If you want to be able to do something with a pre-beta release of version 1.0 of a DSM tool, you'll have to accept that it's missing many things. Indeed, the tool vendor does the right thing in that case to leave lots of things open, to be hand-coded by the users. That way, in particular if users can be encouraged to be open and share their resulting tools, the vendor can learn what is actually needed, and use that as a basis for version 2.0. Microsoft have consistently emphasized that their DSL Tools are at that stage, and there's no shame in that. They've got a good number of things right, far more than Eclipse, and they've had a good attitude in listening to users pointing out things that are missing, and often have been able to suggest how the users could code those missing parts by hand for now.
The situation is however different if you have a tool that is more mature.

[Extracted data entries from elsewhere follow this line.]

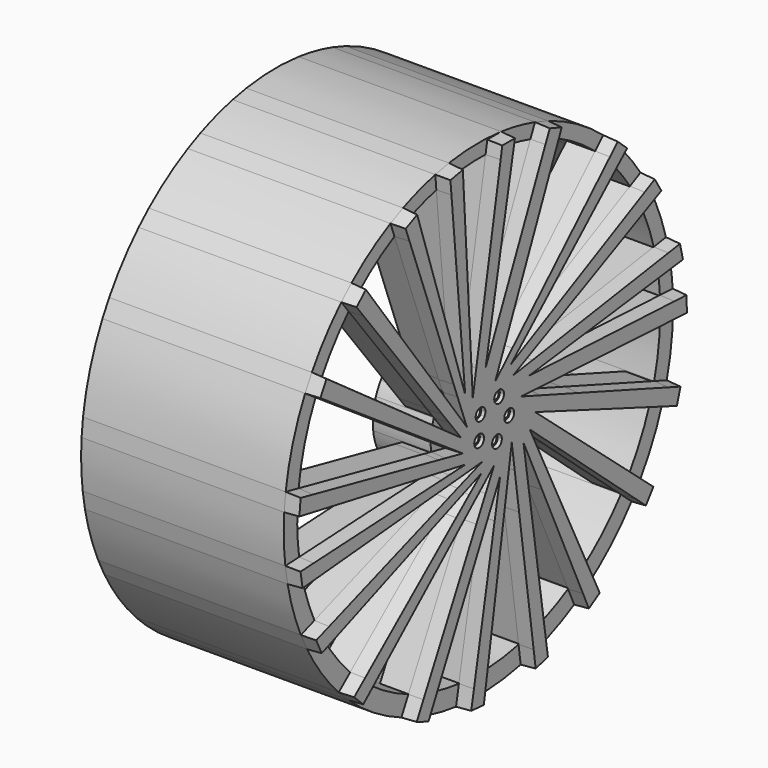
from build123d import *

# Parameters (mm, degrees)
F1_DEPTH               = 0.508
DRAFT_F1_DRAFTED_ANGLE = 3
F0_R                   = 0.1327768883
F2_DEPTH               = 0.381
F3_DEPTH               = 7.112
F4_DEPTH               = 2.032
F5_DEPTH               = 1.524


# Not quite as in the source:
# - an extrude with a draft is written as a straight extrude whose walls are then drafted


with BuildPart() as f1:
    # F0 (on Right) → F1 (new body)
    with BuildSketch(Plane.YZ):
        with BuildLine():
            ThreePointArc((2.0973634312, 0.1994440358), (2.0479166203, 0.4947209338), (1.9571150587, 0.7800076492))
            Line((1.9571150587, 0.7800076492), (1.874030917, 0.7837941521))
            Line((1.874030917, 0.7837941521), (1.9516786896, 0.7935121792))
            ThreePointArc((1.9516786896, 0.7935121792), (1.8474088258, 1.0128138607), (1.7185973208, 1.2186609598))
            Line((1.7185973208, 1.2186609598), (1.0488089186, 1.118784594))
            Line((1.0488089186, 1.118784594), (1.5952065231, 1.3762366928))
            ThreePointArc((1.5952065231, 1.3762366928), (1.4233301415, 1.5533327378), (1.2319239448, 1.7091151746))
            Line((1.2319239448, 1.7091151746), (0.9497648582, 1.5682294598))
            Line((0.9497648582, 1.5682294598), (1.1604227369, 1.7584454378))
            ThreePointArc((1.1604227369, 1.7584454378), (0.9931503964, 1.8580537065), (0.8173976146, 1.9417961854))
            Line((0.8173976146, 1.9417961854), (0.1672281942, 1.3095261529))
            Line((0.1672281942, 1.3095261529), (0.4908475213, 2.0488484563))
            ThreePointArc((0.4908475213, 2.0488484563), (0.1341704883, 2.1025483505), (-0.2264391893, 2.0946208678))
            Line((-0.2264391893, 2.0946208678), (-0.2628028451, 2.0138535183))
            Line((-0.2628028451, 2.0138535183), (-0.247458392, 2.0922417715))
            ThreePointArc((-0.247458392, 2.0922417715), (-0.5116791286, 2.0437455212), (-0.7675809957, 1.962022095))
            Line((-0.7675809957, 1.962022095), (-0.8833207471, 1.3116621244))
            Line((-0.8833207471, 1.3116621244), (-0.9184916182, 1.8960707881))
            ThreePointArc((-0.9184916182, 1.8960707881), (-1.108910163, 1.7913764363), (-1.2875318419, 1.6676249705))
            Line((-1.2875318419, 1.6676249705), (-1.278315313, 1.5696064409))
            Line((-1.278315313, 1.5696064409), (-1.3058418432, 1.653326455))
            ThreePointArc((-1.3058418432, 1.653326455), (-1.4535485576, 1.5250927437), (-1.588725858, 1.3837129161))
            Line((-1.588725858, 1.3837129161), (-1.2479530415, 0.4675828968))
            Line((-1.2479530415, 0.4675828968), (-1.7571567546, 1.1623731869))
            ThreePointArc((-1.7571567546, 1.1623731869), (-1.8749948406, 0.9607838643), (-1.9698009376, 0.7473925021))
            Line((-1.9698009376, 0.7473925021), (-1.5407761435, 0.1956446023))
            Line((-1.5407761435, 0.1956446023), (-2.0342080206, 0.5483694146))
            ThreePointArc((-2.0342080206, 0.5483694146), (-2.085479797, 0.2991409406), (-2.1063324905, 0.0455491574))
            Line((-2.1063324905, 0.0455491574), (-1.4629171928, -0.3922739706))
            Line((-1.4629171928, -0.3922739706), (-2.0909273042, -0.2583298172))
            ThreePointArc((-2.0909273042, -0.2583298172), (-2.0481428196, -0.4937836333), (-1.9789328462, -0.7228665687))
            Line((-1.9789328462, -0.7228665687), (-1.4450035524, -0.8222024771))
            Line((-1.4450035524, -0.8222024771), (-1.9290997886, -0.8469269695))
            ThreePointArc((-1.9290997886, -0.8469269695), (-1.8417203072, -1.0231214963), (-1.7382917618, -1.1904003683))
            Line((-1.7382917618, -1.1904003683), (-0.6942516193, -1.0973911267))
            Line((-0.6942516193, -1.0973911267), (-1.5700228728, -1.4048983824))
            ThreePointArc((-1.5700228728, -1.4048983824), (-1.4142027393, -1.5616471747), (-1.2428186419, -1.7012093079))
            Line((-1.2428186419, -1.7012093079), (-0.6553439889, -1.473498065))
            Line((-0.6553439889, -1.473498065), (-1.0673164667, -1.8164654816))
            ThreePointArc((-1.0673164667, -1.8164654816), (-0.8596663243, -1.9234565493), (-0.6414481891, -2.0068023088))
            Line((-0.6414481891, -2.0068023088), (-0.0466870831, -1.4831608295))
            Line((-0.0466870831, -1.4831608295), (-0.3546647591, -2.0767580973))
            ThreePointArc((-0.3546647591, -2.0767580973), (-0.0798113957, -2.1053126673), (0.1964149737, -2.0976492662))
            Line((0.1964149737, -2.0976492662), (0.241613948, -2.0070695918))
            Line((0.241613948, -2.0070695918), (0.2250988259, -2.094765334))
            ThreePointArc((0.2250988259, -2.094765334), (0.4544351286, -2.0572311489), (0.6782425081, -1.9946674876))
            Line((0.6782425081, -1.9946674876), (0.8121209103, -1.1625625193))
            Line((0.8121209103, -1.1625625193), (0.9161377334, -1.8972092503))
            ThreePointArc((0.9161377334, -1.8972092503), (1.175554891, -1.7483655179), (1.4112815226, -1.5642876175))
            Line((1.4112815226, -1.5642876175), (1.3831191463, -1.3788056094))
            Line((1.3831191463, -1.3788056094), (1.4509616475, -1.527554118))
            ThreePointArc((1.4509616475, -1.527554118), (1.6151213458, -1.3528097887), (1.7583642489, -1.1605457571))
            Line((1.7583642489, -1.1605457571), (1.6812520346, -1.0023429076))
            Line((1.6812520346, -1.0023429076), (1.795782543, -1.1017605657))
            ThreePointArc((1.795782543, -1.1017605657), (1.9279480867, -0.8495454439), (2.0248965585, -0.5818120085))
            Line((2.0248965585, -0.5818120085), (1.976531, -0.5406407308))
            Line((1.976531, -0.5406407308), (2.0307593005, -0.5610061939))
            ThreePointArc((2.0307593005, -0.5610061939), (2.0863309732, -0.2931456231), (2.1067267184, -0.0203425628))
            Line((2.1067267184, -0.0203425628), (1.4032723848, 0.234704974))
            Line((1.4032723848, 0.234704974), (2.0973634312, 0.1994440358))
        make_face()
        with BuildLine():
            ThreePointArc((-0.4288348497, -0.3488957607), (-0.7994075328, -0.396824389), (-0.4532226045, -0.2561927344))
            ThreePointArc((-0.4532226045, -0.2561927344), (-0.4350337778, -0.3009671323), (-0.4288348497, -0.3488957607))
        make_face(mode=Mode.SUBTRACT)
        with BuildLine():
            ThreePointArc((0.3531737773, -0.6895901054), (0.0480815647, -0.8374712276), (0.1210031397, -0.5063631963))
            ThreePointArc((0.1210031397, -0.5063631963), (0.2814943788, -0.5417089833), (0.3531737773, -0.6895901054))
        make_face(mode=Mode.SUBTRACT)
        with BuildLine():
            ThreePointArc((0.8904525658, -0.098953794), (0.6888882585, -0.2868780842), (0.515524755, -0.072661361))
            ThreePointArc((0.515524755, -0.072661361), (0.715245262, 0.0889704962), (0.8904525658, -0.098953794))
        make_face(mode=Mode.SUBTRACT)
        with BuildLine():
            ThreePointArc((-0.3656586917, 0.4424073736), (-0.3762498951, 0.3801314457), (-0.4068326133, 0.3248579246))
            ThreePointArc((-0.4068326133, 0.3248579246), (-0.7318390994, 0.5046833014), (-0.3656586917, 0.4424073736))
        make_face(mode=Mode.SUBTRACT)
        with BuildLine():
            ThreePointArc((0.1905582958, 0.4844924997), (0.430263846, 0.2931185242), (0.5206202516, 0))
            ThreePointArc((0.5206202516, 0), (0.5193448151, -0.0364199035), (0.515524755, -0.072661361))
            ThreePointArc((0.515524755, -0.072661361), (0.3851185021, -0.3503272552), (0.1210031397, -0.5063631963))
            ThreePointArc((0.1210031397, -0.5063631963), (-0.2079393137, -0.477290989), (-0.4532226045, -0.2561927344))
            ThreePointArc((-0.4532226045, -0.2561927344), (-0.5189688926, 0.0414334998), (-0.4068326133, 0.3248579246))
            ThreePointArc((-0.4068326133, 0.3248579246), (-0.1344040345, 0.5029721681), (0.1905582958, 0.4844924997))
        make_face(mode=Mode.SUBTRACT)
        with BuildLine():
            ThreePointArc((0.4478973964, 0.6598055194), (0.3655761695, 0.5041150672), (0.1905582958, 0.4844924997))
            ThreePointArc((0.1905582958, 0.4844924997), (0.1534470121, 0.8154959715), (0.4478973964, 0.6598055194))
        make_face(mode=Mode.SUBTRACT)
        with BuildLine():
            Line((1.5952065231, 1.3762366928), (6.9449263444, 3.8969223335))
            ThreePointArc((6.9449263444, 3.8969223335), (6.7939909706, 4.1544785827), (6.6335084956, 4.4061968454))
            Line((6.6335084956, 4.4061968454), (1.2319239448, 1.7091151746))
            ThreePointArc((1.2319239448, 1.7091151746), (1.4233301415, 1.5533327378), (1.5952065231, 1.3762366928))
        make_face()
        with BuildLine():
            Line((1.1604227369, 1.7584454378), (5.5440939511, 5.7167322715))
            ThreePointArc((5.5440939511, 5.7167322715), (5.3283953495, 5.9182943997), (5.1053741179, 6.11172322))
            Line((5.1053741179, 6.11172322), (0.8173976146, 1.9417961854))
            ThreePointArc((0.8173976146, 1.9417961854), (0.9931503964, 1.8580537065), (1.1604227369, 1.7584454378))
        make_face()
        with BuildLine():
            Line((0.4908475213, 2.0488484563), (2.8491231491, 7.4364307892))
            ThreePointArc((2.8491231491, 7.4364307892), (2.5602141598, 7.5407764228), (2.2674959584, 7.6339025197))
            Line((2.2674959584, 7.6339025197), (-0.2264391893, 2.0946208678))
            ThreePointArc((-0.2264391893, 2.0946208678), (0.1341704883, 2.1025483505), (0.4908475213, 2.0488484563))
        make_face()
        with BuildLine():
            Line((-0.247458392, 2.0922417715), (0.8920345152, 7.9134240393))
            ThreePointArc((0.8920345152, 7.9134240393), (0.5961637235, 7.9411960319), (0.2994627622, 7.9579097542))
            Line((0.2994627622, 7.9579097542), (-0.7675809957, 1.962022095))
            ThreePointArc((-0.7675809957, 1.962022095), (-0.5116791286, 2.0437455212), (-0.247458392, 2.0922417715))
        make_face()
        with BuildLine():
            Line((1.9516786896, 0.7935121792), (7.815688204, 1.5274238113))
            ThreePointArc((7.815688204, 1.5274238113), (7.7530721949, 1.8187570323), (7.6796005885, 2.1075436894))
            Line((7.6796005885, 2.1075436894), (1.7185973208, 1.2186609598))
            ThreePointArc((1.7185973208, 1.2186609598), (1.8474088258, 1.0128138607), (1.9516786896, 0.7935121792))
        make_face()
        with BuildLine():
            ThreePointArc((7.9635422773, 0), (7.9595022959, 0.253631237), (7.9473864506, 0.5070051349))
            Line((7.9473864506, 0.5070051349), (1.9571150587, 0.7800076492))
            ThreePointArc((1.9571150587, 0.7800076492), (2.0479166203, 0.4947209338), (2.0973634312, 0.1994440358))
            Line((2.0973634312, 0.1994440358), (7.9629326383, -0.098536286))
            ThreePointArc((7.9629326383, -0.098536286), (7.9633898661, -0.0492690859), (7.9635422773, 0))
        make_face()
        with BuildLine():
            Line((3.6408678629, -1.1656832036), (3.7447208571, -0.6142210141))
            Line((3.7447208571, -0.6142210141), (2.1067267184, -0.0203425628))
            ThreePointArc((2.1067267184, -0.0203425628), (2.0863309732, -0.2931456231), (2.0307593005, -0.5610061939))
            Line((2.0307593005, -0.5610061939), (3.6408678629, -1.1656832036))
        make_face()
        with BuildLine():
            Line((3.072494338, -2.2100041114), (3.4359816149, -1.7830009641))
            Line((3.4359816148, -1.7830009642), (2.0248965585, -0.5818120085))
            ThreePointArc((2.0248965585, -0.5818120085), (1.9279480867, -0.8495454439), (1.795782543, -1.1017605657))
            Line((1.795782543, -1.1017605657), (3.072494338, -2.2100041114))
        make_face()
        with BuildLine():
            Line((2.1177585519, -2.989543922), (2.5477149816, -2.7799718918))
            Line((2.5477149816, -2.7799718918), (1.7583642489, -1.1605457571))
            ThreePointArc((1.7583642489, -1.1605457571), (1.6151213458, -1.3528097887), (1.4509616475, -1.527554118))
            Line((1.4509616475, -1.527554118), (2.1177585519, -2.989543922))
        make_face()
        with BuildLine():
            Line((1.1092551824, -3.2611530648), (1.6571441187, -3.1835788183))
            Line((1.6571441187, -3.1835788183), (1.4112815226, -1.5642876175))
            ThreePointArc((1.4112815226, -1.5642876175), (1.175554891, -1.7483655179), (0.9161377334, -1.8972092503))
            Line((0.9161377334, -1.8972092503), (1.1092551824, -3.2611530648))
        make_face()
        with BuildLine():
            Line((0.0371511227, -3.092772688), (0.4879092453, -3.1776607938))
            Line((0.4879092453, -3.1776607938), (0.6782425081, -1.9946674876))
            ThreePointArc((0.6782425081, -1.9946674876), (0.4544351286, -2.0572311489), (0.2250988259, -2.094765334))
            Line((0.2250988259, -2.094765334), (0.0371511227, -3.092772688))
        make_face()
        with BuildLine():
            Line((-0.7621865916, -2.8622171261), (-0.3001485015, -3.092772688))
            Line((-0.3001485015, -3.092772688), (0.1964149737, -2.0976492662))
            ThreePointArc((0.1964149737, -2.0976492662), (-0.0798113957, -2.1053126673), (-0.3546647591, -2.0767580973))
            Line((-0.3546647591, -2.0767580973), (-0.7621865916, -2.8622171261))
        make_face()
        with BuildLine():
            Line((-1.6438714141, -2.2964479357), (-1.3590403138, -2.6385870674))
            Line((-1.3590403138, -2.6385870674), (-0.6414481891, -2.0068023088))
            ThreePointArc((-0.6414481891, -2.0068023088), (-0.8596663243, -1.9234565493), (-1.0673164667, -1.8164654816))
            Line((-1.0673164667, -1.8164654816), (-1.6438714141, -2.2964479357))
        make_face()
        with BuildLine():
            Line((-2.0013750129, -1.5563579243), (-1.865734508, -1.9426579311))
            Line((-1.865734508, -1.9426579311), (-1.2428186419, -1.7012093079))
            ThreePointArc((-1.2428186419, -1.7012093079), (-1.4142027393, -1.5616471747), (-1.5700228728, -1.4048983824))
            Line((-1.5700228728, -1.4048983824), (-2.0013750129, -1.5563579243))
        make_face()
        with BuildLine():
            Line((-2.2486883972, -0.8632494805), (-2.2297435834, -1.2341817895))
            Line((-2.2297435834, -1.2341817895), (-1.7382917618, -1.1904003683))
            ThreePointArc((-1.7382917618, -1.1904003683), (-1.8417203072, -1.0231214963), (-1.9290997886, -0.8469269695))
            Line((-1.9290997886, -0.8469269695), (-2.2486883972, -0.8632494805))
        make_face()
        with BuildLine():
            Line((-2.396198928, -0.1932204368), (-7.9028562959, 0.9812583594))
            ThreePointArc((-7.9028562959, 0.9812583594), (-7.9339836035, 0.685499658), (-7.9540462566, 0.3887849655))
            Line((-7.9540462566, 0.3887849655), (-1.9789328462, -0.7228665687))
            ThreePointArc((-1.9789328462, -0.7228665687), (-2.0481428196, -0.4937836333), (-2.0909273042, -0.2583298172))
            Line((-2.0909273042, -0.2583298172), (-2.396198928, -0.1932204368))
        make_face()
        with BuildLine():
            Line((-2.0342080206, 0.5483694146), (-2.3296303896, 0.7595491225))
            Line((-2.3296303896, 0.7595491225), (-2.5999285065, 0.38142515))
            Line((-2.5999285065, 0.38142515), (-2.1063324905, 0.0455491574))
            ThreePointArc((-2.1063324905, 0.0455491574), (-2.085479797, 0.2991409406), (-2.0342080206, 0.5483694146))
        make_face()
        with BuildLine():
            Line((-1.7571567546, 1.1623731869), (-1.9127883143, 1.3747268947))
            Line((-1.9127883143, 1.3747268947), (-2.259829666, 1.1203843291))
            Line((-2.259829666, 1.1203843291), (-1.9698009376, 0.7473925021))
            ThreePointArc((-1.9698009376, 0.7473925021), (-1.8749948406, 0.9607838643), (-1.7571567546, 1.1623731869))
        make_face()
        with BuildLine():
            Line((-1.3058418432, 1.653326455), (-1.4061380248, 1.9583702689))
            Line((-1.4061380248, 1.9583702689), (-1.7592902425, 1.8422563949))
            Line((-1.7592902425, 1.8422563949), (-1.588725858, 1.3837129161))
            ThreePointArc((-1.588725858, 1.3837129161), (-1.4535485576, 1.5250927437), (-1.3058418432, 1.653326455))
        make_face()
        with BuildLine():
            Line((-0.9184916182, 1.8960707881), (-1.2774377998, 7.8604171817))
            ThreePointArc((-1.2774377998, 7.8604171817), (-1.5692282722, 7.8074021436), (-1.8588424354, 7.7435592851))
            Line((-1.8588424354, 7.7435592851), (-1.2875318419, 1.6676249705))
            ThreePointArc((-1.2875318419, 1.6676249705), (-1.108910163, 1.7913764363), (-0.9184916182, 1.8960707881))
        make_face()
        with BuildLine():
            Line((8.5251259164, -0.127096606), (8.5059250158, 0.4815501224))
            Line((8.5059250158, 0.4815501224), (7.9473864506, 0.5070051349))
            ThreePointArc((7.9473864506, 0.5070051349), (7.9595022959, 0.253631237), (7.9635422773, 0))
            ThreePointArc((7.9635422773, 0), (7.9633898661, -0.0492690859), (7.9629326383, -0.098536286))
            Line((7.9629326383, -0.098536286), (8.5251259164, -0.127096606))
        make_face()
        with BuildLine():
            Line((7.815688204, 1.5274238113), (8.3569027992, 1.5951596644))
            Line((8.3569027992, 1.5951596644), (8.2153967808, 2.1874396331))
            Line((8.2153967808, 2.1874396331), (7.6796005885, 2.1075436894))
            ThreePointArc((7.6796005885, 2.1075436894), (7.7530721949, 1.8187570323), (7.815688204, 1.5274238113))
        make_face()
        with BuildLine():
            Line((6.9449263444, 3.8969223335), (7.4151328752, 4.1184746558))
            Line((7.4151328752, 4.1184746558), (7.0962027329, 4.6372261175))
            Line((7.0962027329, 4.6372261175), (6.6335084956, 4.4061968454))
            ThreePointArc((6.6335084956, 4.4061968454), (6.7939909706, 4.1544785827), (6.9449263444, 3.8969223335))
        make_face()
        with BuildLine():
            Line((5.5440939511, 5.7167322715), (5.9160746025, 6.0526165207))
            Line((5.9160746025, 6.0526165207), (5.4631233301, 6.4596234733))
            Line((5.4631233301, 6.4596234733), (5.1053741179, 6.11172322))
            ThreePointArc((5.1053741179, 6.11172322), (5.3283953495, 5.9182943997), (5.5440939511, 5.7167322715))
        make_face()
        with BuildLine():
            Line((2.8491231491, 7.4364307892), (3.0438867625, 7.8813766598))
            Line((3.0438867625, 7.8813766598), (2.4679152371, 8.0790539641))
            Line((2.4679152371, 8.0790539641), (2.2674959584, 7.6339025197))
            ThreePointArc((2.2674959584, 7.6339025197), (2.5602141598, 7.5407764228), (2.8491231491, 7.4364307892))
        make_face()
        with BuildLine():
            Line((0.8920345152, 7.9134240393), (0.9851502187, 8.3891123729))
            Line((0.9851502187, 8.3891123729), (0.3762007014, 8.3891123729))
            Line((0.3762007014, 8.3891123729), (0.2994627622, 7.9579097542))
            ThreePointArc((0.2994627622, 7.9579097542), (0.5961637235, 7.9411960319), (0.8920345152, 7.9134240393))
        make_face()
        with BuildLine():
            Line((-1.2774377998, 7.8604171817), (-1.3068695686, 8.3494633764))
            Line((-1.3068695686, 8.3494633764), (-1.9051367918, 8.2359035056))
            Line((-1.9051367918, 8.2359035056), (-1.8588424354, 7.7435592851))
            ThreePointArc((-1.8588424354, 7.7435592851), (-1.5692282722, 7.8074021436), (-1.2774377998, 7.8604171817))
        make_face()
        with BuildLine():
            Line((-3.1649303381, 7.3076139442), (-3.3208344512, 7.7817853883))
            Line((-3.3208344512, 7.7817853883), (-3.8735269928, 7.5261480101))
            Line((-3.8735269928, 7.5261480101), (-3.69756254, 7.053087045))
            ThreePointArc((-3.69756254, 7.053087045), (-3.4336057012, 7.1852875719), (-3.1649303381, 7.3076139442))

Then a user can rightly expect that what the tool offers is good and sufficient. Oddly, it may even be the case that the tool deliberately doesn't offer something that you may initially feel to be a good idea, because the vendor has seen that in the long run it leads to trouble, or simply doesn't work. Of course, there will also still be things that could be there and aren't, or things which everyone would like but no-one has figured out how to do yet. For some of these things, the problem is that different users have sufficiently different needs that there is no one way to suit them all, or even enough of them. In those situations you expect to be able to achieve what you want via the tool's API (for direct manipulation of the models) or some sensible import/export format (for integration with tools up or downstream of the DSM tool).
MetaEdit+ has offered model export from the start, and import and an API for nearly two years. We'd have had the latter earlier, but there were no API protocols that were cross-platform and sufficiently easy to use that we could see many people being interested. Interestingly, to my knowledge no customer has yet found a need for the API, which confirms my impression that you can get what you want from MetaEdit+ without having to resort to programming. Of course, it's always nice to know you can get in there and change the models programmatically if you need to, and we will continue to develop the API to give people that warm fuzzy feeling of security. If somebody uses it, that's brilliant; if nobody needs to, that's even better.
On are web pages are a couple of animated examples of things we see the API as being useful for. The first is for for model-level debugging, which I believe is important if we are to completely raise the level of abstraction away from source code. Since the correspondence between modeling language elements and code lines is completely domain-dependent, this kind of thing will always remain something a DSM tool cannot offer out of the box. The best you can do is keep the interaction down to having an extra line of generated code every now and then, which can be turned off for production code. That's what's happening here: each change of state, loosely corresponding to a case in the switch statements, calls back to MetaEdit+ through the API to highlight the corresponding model object in red.